--- START ---

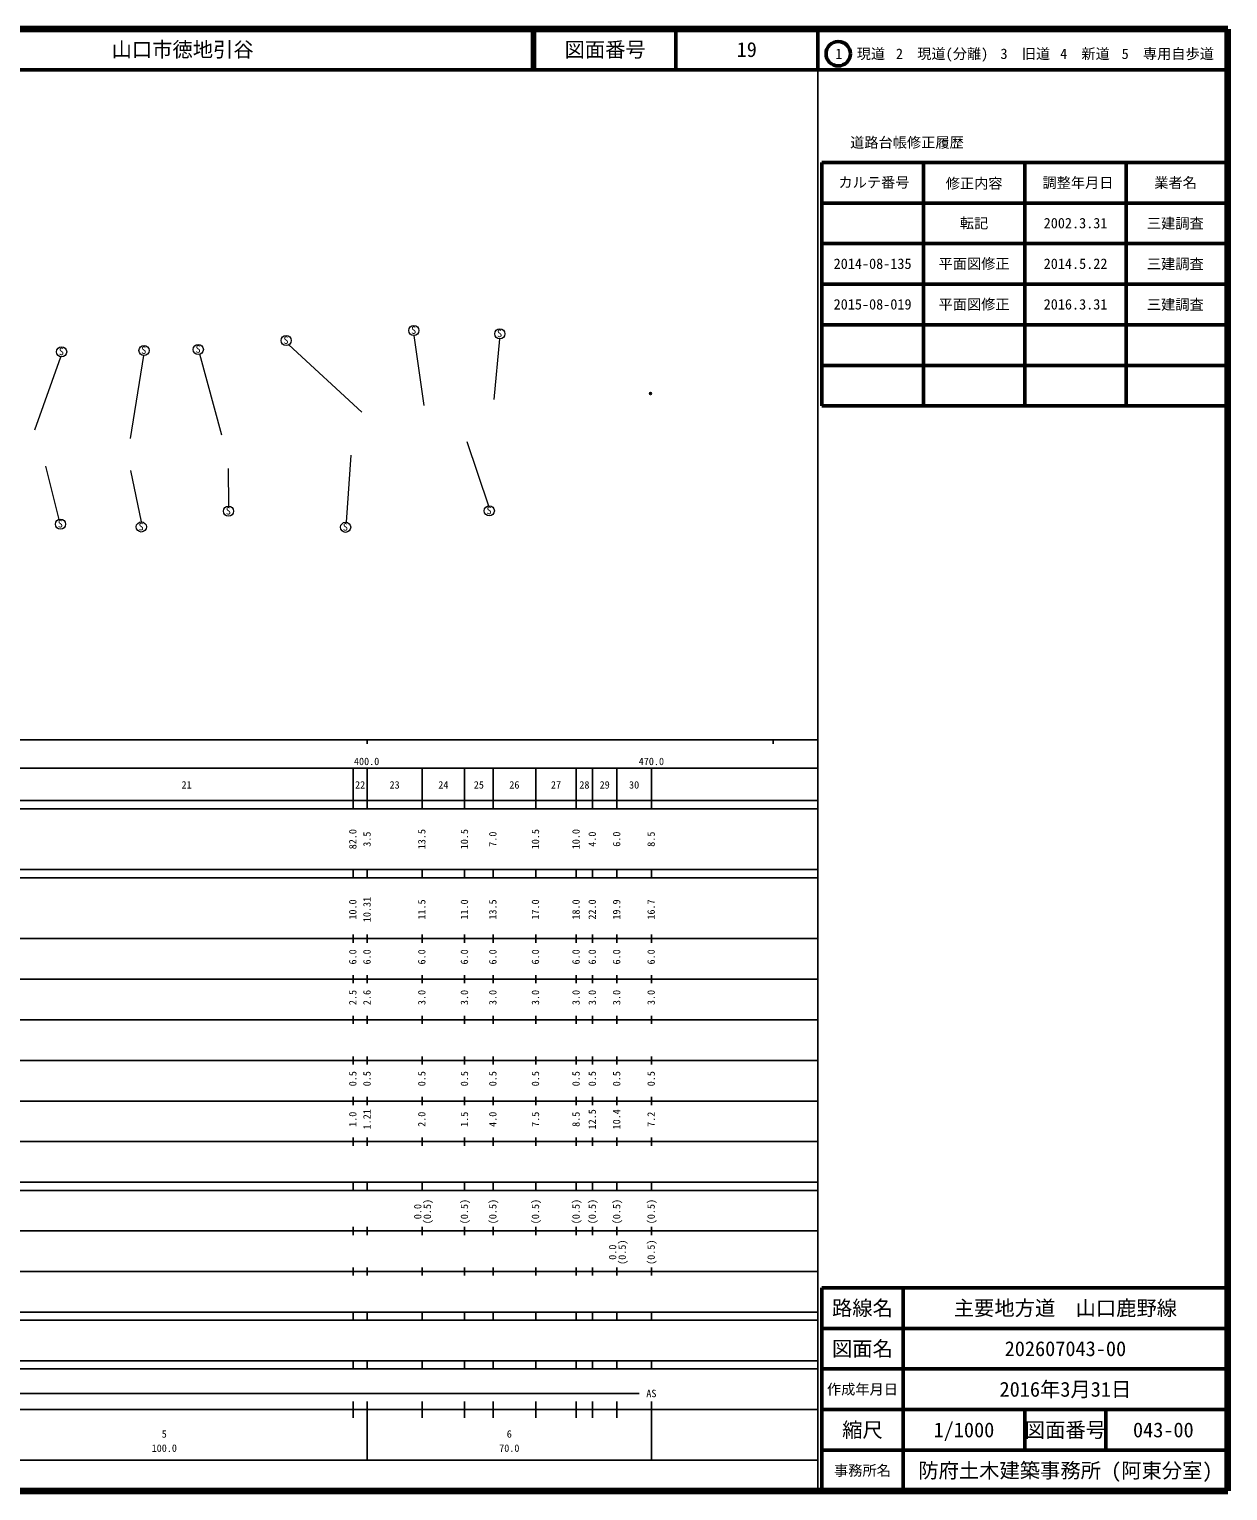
# Model space of a CAD drawing. Units: millimetres on the paper, with parts at other scales. Extents: x 40 to 680, y 20 to 380.
# Drawn here: x 384.7 to 680, y 20 to 380 of the extents above; entities that cross this region are included whole.
import ezdxf
from ezdxf.enums import TextEntityAlignment as Align

# ---------------------------------------------------------------- set-up
doc = ezdxf.new("R2010")
doc.units = ezdxf.units.MM
doc.header["$PDMODE"] = 32
doc.header["$PDSIZE"] = 0.5
for name, color, linetype, lineweight in [('M-BGD', 7, 'Continuous', 13), ('M-TTL', 2, 'Continuous', 140), ('M-TTL-BAND', 7, 'Continuous', 25), ('M-TTL-FRAM', 2, 'Continuous', 50), ('M-TTL-LINE', 7, 'Continuous', 50)]:
    doc.layers.add(name, color=color, linetype=linetype, lineweight=lineweight)
doc.layers.add('M-OTRS', color=6, linetype='Continuous')
doc.layers.add('M-TTL-TXT', color=7, linetype='Continuous')
doc.styles.add('ＭＳ ゴシック', font='')
doc.styles.get('ＭＳ ゴシック').set_extended_font_data('MS Gothic')

msp = doc.modelspace()

# ---------------------------------------------------------------- linework, layer by layer
at = {"layer": 'M-BGD'}
for p, q in [((482.053, 287.316), (479.567, 304.54)), ((499.297, 288.771), (500.663, 303.738)), ((386.089, 281.302), (392.507, 299.298)), ((409.712, 279.208), (412.995, 299.61)), ((432.185, 280.023), (426.754, 299.938)), ((466.634, 285.643), (448.718, 302.278)), ((492.557, 278.47), (497.887, 262.605)), ((463.949, 275.067), (462.804, 258.567)), ((388.704, 272.404), (392.014, 259.278)), ((409.655, 271.297), (412.274, 258.649)), ((433.723, 271.825), (433.783, 262.528))]:
    msp.add_line(p, q, dxfattribs=at)
for centre in [(479.488, 305.787), (500.659, 304.988), (448.029, 303.321), (392.713, 300.531), (413.009, 300.86), (426.383, 301.131), (392.44, 258.103), (433.831, 261.279), (498.075, 261.369), (412.349, 257.401), (462.678, 257.324)]:
    msp.add_circle(centre, 1.25, dxfattribs=at)
at = {"layer": 'M-OTRS'}
msp.add_point((537.797, 290.253), dxfattribs=at)
at = {"layer": 'M-TTL'}
for p, q in [((680, 380), (40, 380)), ((680, 20), (680, 380)), ((40, 20), (680, 20))]:
    msp.add_line(p, q, dxfattribs=at)
at = {"layer": 'M-TTL-BAND'}
for p, q in [((579, 20), (579, 370)), ((40, 205), (579, 205)), ((468, 205), (468, 204)), ((568, 205), (568, 204)), ((68, 198), (579, 198)), ((464.5, 188), (464.5, 198)), ((468, 188), (468, 198)), ((481.5, 188), (481.5, 198)), ((492, 188), (492, 198)), ((499, 188), (499, 198)), ((509.5, 188), (509.5, 198)), ((519.5, 188), (519.5, 198)), ((523.5, 188), (523.5, 198)), ((529.5, 188), (529.5, 198)), ((538, 188), (538, 198)), ((40, 190), (579, 190)), ((40, 188), (579, 188)), ((40, 173), (579, 173)), ((464.5, 171), (464.5, 173)), ((468, 171), (468, 173)), ((481.5, 171), (481.5, 173)), ((492, 171), (492, 173)), ((499, 171), (499, 173)), ((509.5, 171), (509.5, 173)), ((519.5, 171), (519.5, 173)), ((523.5, 171), (523.5, 173)), ((529.5, 171), (529.5, 173)), ((538, 171), (538, 173)), ((40, 171), (579, 171)), ((40, 156), (579, 156)), ((464.5, 155), (464.5, 157)), ((468, 155), (468, 157)), ((481.5, 155), (481.5, 157)), ((492, 155), (492, 157)), ((499, 155), (499, 157)), ((509.5, 155), (509.5, 157)), ((519.5, 155), (519.5, 157)), ((523.5, 155), (523.5, 157)), ((529.5, 155), (529.5, 157)), ((538, 155), (538, 157)), ((46, 146), (579, 146)), ((464.5, 145), (464.5, 147)), ((468, 145), (468, 147)), ((481.5, 145), (481.5, 147)), ((492, 145), (492, 147)), ((499, 145), (499, 147)), ((509.5, 145), (509.5, 147)), ((519.5, 145), (519.5, 147)), ((523.5, 145), (523.5, 147)), ((529.5, 145), (529.5, 147)), ((538, 145), (538, 147)), ((464.5, 135), (464.5, 137)), ((468, 135), (468, 137)), ((481.5, 135), (481.5, 137)), ((492, 135), (492, 137)), ((499, 135), (499, 137)), ((509.5, 135), (509.5, 137)), ((519.5, 135), (519.5, 137)), ((523.5, 135), (523.5, 137)), ((529.5, 135), (529.5, 137)), ((538, 135), (538, 137)), ((52, 136), (579, 136)), ((46, 126), (579, 126)), ((464.5, 125), (464.5, 127)), ((468, 125), (468, 127)), ((481.5, 125), (481.5, 127)), ((492, 125), (492, 127)), ((499, 125), (499, 127)), ((509.5, 125), (509.5, 127)), ((519.5, 125), (519.5, 127)), ((523.5, 125), (523.5, 127)), ((529.5, 125), (529.5, 127)), ((538, 125), (538, 127)), ((52, 116), (579, 116)), ((464.5, 115), (464.5, 117)), ((468, 115), (468, 117)), ((481.5, 115), (481.5, 117)), ((492, 115), (492, 117)), ((499, 115), (499, 117)), ((509.5, 115), (509.5, 117)), ((519.5, 115), (519.5, 117)), ((523.5, 115), (523.5, 117)), ((529.5, 115), (529.5, 117)), ((538, 115), (538, 117)), ((46, 106), (579, 106)), ((464.5, 105), (464.5, 107)), ((468, 105), (468, 107)), ((481.5, 105), (481.5, 107)), ((492, 105), (492, 107)), ((499, 105), (499, 107)), ((509.5, 105), (509.5, 107)), ((519.5, 105), (519.5, 107)), ((523.5, 105), (523.5, 107)), ((529.5, 105), (529.5, 107)), ((538, 105), (538, 107)), ((40, 96), (579, 96)), ((40, 94), (579, 94)), ((464.5, 94), (464.5, 96)), ((468, 94), (468, 96)), ((481.5, 94), (481.5, 96)), ((492, 94), (492, 96)), ((499, 94), (499, 96)), ((509.5, 94), (509.5, 96)), ((519.5, 94), (519.5, 96)), ((523.5, 94), (523.5, 96)), ((529.5, 94), (529.5, 96)), ((538, 94), (538, 96)), ((49, 84), (579, 84)), ((464.5, 83), (464.5, 85)), ((468, 83), (468, 85)), ((481.5, 83), (481.5, 85)), ((492, 83), (492, 85)), ((499, 83), (499, 85)), ((509.5, 83), (509.5, 85)), ((519.5, 83), (519.5, 85)), ((523.5, 83), (523.5, 85)), ((529.5, 83), (529.5, 85)), ((538, 83), (538, 85)), ((40, 74), (579, 74)), ((464.5, 73), (464.5, 75)), ((468, 73), (468, 75)), ((481.5, 73), (481.5, 75)), ((492, 73), (492, 75)), ((499, 73), (499, 75)), ((509.5, 73), (509.5, 75)), ((519.5, 73), (519.5, 75)), ((523.5, 73), (523.5, 75)), ((529.5, 73), (529.5, 75)), ((538, 73), (538, 75)), ((40, 64), (579, 64)), ((40, 62), (579, 62)), ((464.5, 62), (464.5, 64)), ((468, 62), (468, 64)), ((481.5, 62), (481.5, 64)), ((492, 62), (492, 64)), ((499, 62), (499, 64)), ((509.5, 62), (509.5, 64)), ((519.5, 62), (519.5, 64)), ((523.5, 62), (523.5, 64)), ((529.5, 62), (529.5, 64)), ((538, 62), (538, 64)), ((40, 52), (579, 52)), ((464.5, 50), (464.5, 52)), ((468, 50), (468, 52)), ((481.5, 50), (481.5, 52)), ((492, 50), (492, 52)), ((499, 50), (499, 52)), ((509.5, 50), (509.5, 52)), ((519.5, 50), (519.5, 52)), ((523.5, 50), (523.5, 52)), ((529.5, 50), (529.5, 52)), ((538, 50), (538, 52)), ((40, 50), (579, 50)), ((71, 44), (535, 44)), ((40, 40), (579, 40)), ((464.5, 38), (464.5, 42)), ((468, 27.5), (468, 42)), ((481.5, 38), (481.5, 42)), ((492, 38), (492, 42)), ((499, 38), (499, 42)), ((509.5, 38), (509.5, 42)), ((519.5, 38), (519.5, 42)), ((523.5, 38), (523.5, 42)), ((529.5, 38), (529.5, 42)), ((538, 27.5), (538, 42)), ((68, 27.5), (579, 27.5))]:
    msp.add_line(p, q, dxfattribs=at)
at = {"layer": 'M-TTL-FRAM'}
for p, q in [((580, 347.197), (580, 287.197)), ((580, 347.197), (680, 347.197)), ((580, 287.197), (680, 287.197)), ((680, 70), (580, 70)), ((580, 70), (580, 20))]:
    msp.add_line(p, q, dxfattribs=at)
at = {"layer": 'M-TTL-LINE'}
for p, q in [((508.747, 380), (508.747, 370)), ((509.247, 380), (509.247, 370)), ((543.997, 380), (543.997, 370)), ((579, 380), (579, 370)), ((40, 370), (680, 370)), ((605, 347.197), (605, 287.197)), ((630, 347.197), (630, 287.197)), ((655, 347.197), (655, 287.197)), ((580, 337.197), (680, 337.197)), ((580, 327.197), (680, 327.197)), ((580, 317.197), (680, 317.197)), ((580, 307.197), (680, 307.197)), ((580, 297.197), (680, 297.197)), ((600, 70), (600, 20)), ((680, 60), (580, 60)), ((680, 50), (580, 50)), ((680, 40), (580, 40)), ((630, 40), (630, 30)), ((650, 40), (650, 30)), ((680, 30), (580, 30))]:
    msp.add_line(p, q, dxfattribs=at)
msp.add_circle((584.031, 373.958), 3, dxfattribs=at)

# ---------------------------------------------------------------- texts
at = {"layer": 'M-BGD', "style": 'ＭＳ ゴシック'}
for p in [(478.809, 304.414), (499.98, 303.615), (447.351, 301.948), (392.035, 299.157), (412.331, 299.486), (425.704, 299.758), (433.153, 259.905), (497.396, 259.996), (391.761, 256.729), (411.67, 256.027), (461.999, 255.95)]:
    msp.add_text('S', height=1.833, dxfattribs=at).set_placement(p, align=Align.BOTTOM_LEFT)
at = {"layer": 'M-TTL-BAND', "style": 'ＭＳ ゴシック'}
for s, p in [('400.0', (467.844, 198.195)), ('470.0', (538, 198.195)), ('21', (423.5, 192.405)), ('22', (466.25, 192.405)), ('23', (474.75, 192.405)), ('24', (486.75, 192.405)), ('25', (495.5, 192.405)), ('26', (504.25, 192.405)), ('27', (514.5, 192.405)), ('28', (521.5, 192.405)), ('29', (526.5, 192.405)), ('30', (533.75, 192.405)), ('AS', (538, 42.5)), ('5', (418, 32.523)), ('6', (503, 32.523)), ('100.0', (418, 29.033)), ('70.0', (503, 29.033))]:
    msp.add_text(s, height=1.833, dxfattribs=at).set_placement(p, align=Align.BOTTOM_CENTER)
for s, p in [('82.0', (465.893, 180.5)), ('3.5', (469.393, 180.5)), ('13.5', (482.893, 180.5)), ('10.5', (493.393, 180.5)), ('7.0', (500.393, 180.5)), ('10.5', (510.893, 180.5)), ('10.0', (520.893, 180.5)), ('4.0', (524.893, 180.5)), ('6.0', (530.893, 180.5)), ('8.5', (539.393, 180.5)), ('10.31', (469.393, 163.174)), ('10.0', (465.893, 163.174)), ('11.5', (482.893, 163.174)), ('11.0', (493.393, 163.174)), ('13.5', (500.393, 163.174)), ('17.0', (510.893, 163.174)), ('18.0', (520.893, 163.174)), ('22.0', (524.893, 163.174)), ('19.9', (530.893, 163.174)), ('16.7', (539.393, 163.174)), ('6.0', (465.893, 151.5)), ('6.0', (469.393, 151.5)), ('6.0', (482.893, 151.5)), ('6.0', (493.393, 151.5)), ('6.0', (500.393, 151.5)), ('6.0', (510.893, 151.5)), ('6.0', (520.893, 151.5)), ('6.0', (524.893, 151.5)), ('6.0', (530.893, 151.5)), ('6.0', (539.393, 151.5)), ('2.5', (465.893, 141.5)), ('2.6', (469.393, 141.5)), ('3.0', (482.893, 141.5)), ('3.0', (493.393, 141.5)), ('3.0', (500.393, 141.5)), ('3.0', (510.893, 141.5)), ('3.0', (520.893, 141.5)), ('3.0', (524.893, 141.5)), ('3.0', (530.893, 141.5)), ('3.0', (539.393, 141.5)), ('0.5', (465.893, 121.5)), ('0.5', (469.393, 121.5)), ('0.5', (482.893, 121.5)), ('0.5', (493.393, 121.5)), ('0.5', (500.393, 121.5)), ('0.5', (510.893, 121.5)), ('0.5', (520.893, 121.5)), ('0.5', (524.893, 121.5)), ('0.5', (530.893, 121.5)), ('0.5', (539.393, 121.5)), ('1.0', (465.893, 111.5)), ('1.21', (469.393, 111.5)), ('2.0', (482.893, 111.5)), ('1.5', (493.393, 111.5)), ('4.0', (500.393, 111.5)), ('7.5', (510.893, 111.5)), ('8.5', (520.893, 111.5)), ('12.5', (524.893, 111.5)), ('10.4', (530.893, 111.5)), ('7.2', (539.393, 111.5)), ('0.0', (481.893, 88.764)), ('(0.5)', (484.263, 88.764)), ('(0.5)', (493.393, 88.764)), ('(0.5)', (500.393, 88.764)), ('(0.5)', (510.893, 88.764)), ('(0.5)', (520.893, 88.764)), ('(0.5)', (524.893, 88.764)), ('(0.5)', (530.893, 88.764)), ('(0.5)', (539.393, 88.764)), ('0.0', (529.893, 78.764)), ('(0.5)', (532.263, 78.764)), ('(0.5)', (539.393, 78.764))]:
    msp.add_text(s, height=1.833, rotation=90, dxfattribs=at).set_placement(p, align=Align.BOTTOM_CENTER)
at = {"layer": 'M-TTL-TXT', "style": 'ＭＳ ゴシック'}
msp.add_text('山口市徳地引谷', height=3.666, dxfattribs=at).set_placement((405.024, 375), align=Align.MIDDLE_LEFT)
for s, height, p in [('図面番号', 3.666, (526.622, 375)), ('19', 3.666, (561.497, 375)), ('1\u3000現道', 2.566, (589.448, 373.958)), ('2\u3000現道(分離)', 2.566, (609.619, 373.958)), ('3\u3000旧道', 2.566, (630.121, 373.958)), ('4\u3000新道', 2.566, (644.824, 373.958)), ('5\u3000専用自歩道', 2.566, (665.228, 373.958)), ('道路台帳修正履歴', 2.566, (600.968, 352.113)), ('カルテ番号', 2.566, (592.839, 342.277)), ('修正内容', 2.566, (617.509, 342.023)), ('調整年月日', 2.566, (643.089, 342.197)), ('業者名', 2.566, (667.134, 342.197)), ('転記', 2.566, (617.5, 332.245)), ('2002.3.31', 2.566, (642.5, 332.245)), ('三建調査', 2.566, (667.077, 332.189)), ('2014-08-135', 2.566, (592.5, 322.245)), ('平面図修正', 2.566, (617.5, 322.245)), ('2014.5.22', 2.566, (642.5, 322.245)), ('三建調査', 2.566, (667.077, 322.189)), ('2015-08-019', 2.566, (592.5, 312.245)), ('平面図修正', 2.566, (617.5, 312.245)), ('2016.3.31', 2.566, (642.5, 312.245)), ('三建調査', 2.566, (667.077, 312.189)), ('路線名', 3.666, (590, 65)), ('路線名', 3.666, (590, 65)), ('主要地方道\u3000山口鹿野線', 3.666, (640, 65)), ('図面名', 3.666, (590, 55)), ('図面名', 3.666, (590, 55)), ('202607043-00', 3.666, (640, 55)), ('2016年3月31日', 3.666, (640, 45)), ('作成年月日', 2.566, (590, 45)), ('作成年月日', 2.566, (590, 45)), ('縮尺', 3.666, (590, 35)), ('縮尺', 3.666, (590, 35)), ('1/1000', 3.666, (615, 35)), ('図面番号', 3.666, (640, 35)), ('図面番号', 3.666, (640, 35)), ('043-00', 3.666, (664.125, 35)), ('事務所名', 2.566, (590, 25)), ('事務所名', 2.566, (590, 25)), ('防府土木建築事務所 (阿東分室)', 3.666, (640, 25))]:
    msp.add_text(s, height=height, dxfattribs=at).set_placement(p, align=Align.MIDDLE_CENTER)

doc.saveas('drawing.dxf')

--- END ---

__The problem__:
Return each line of the data that contains the string "header".

__Expected answer__:
doc.header["$PDMODE"] = 32
doc.header["$PDSIZE"] = 0.5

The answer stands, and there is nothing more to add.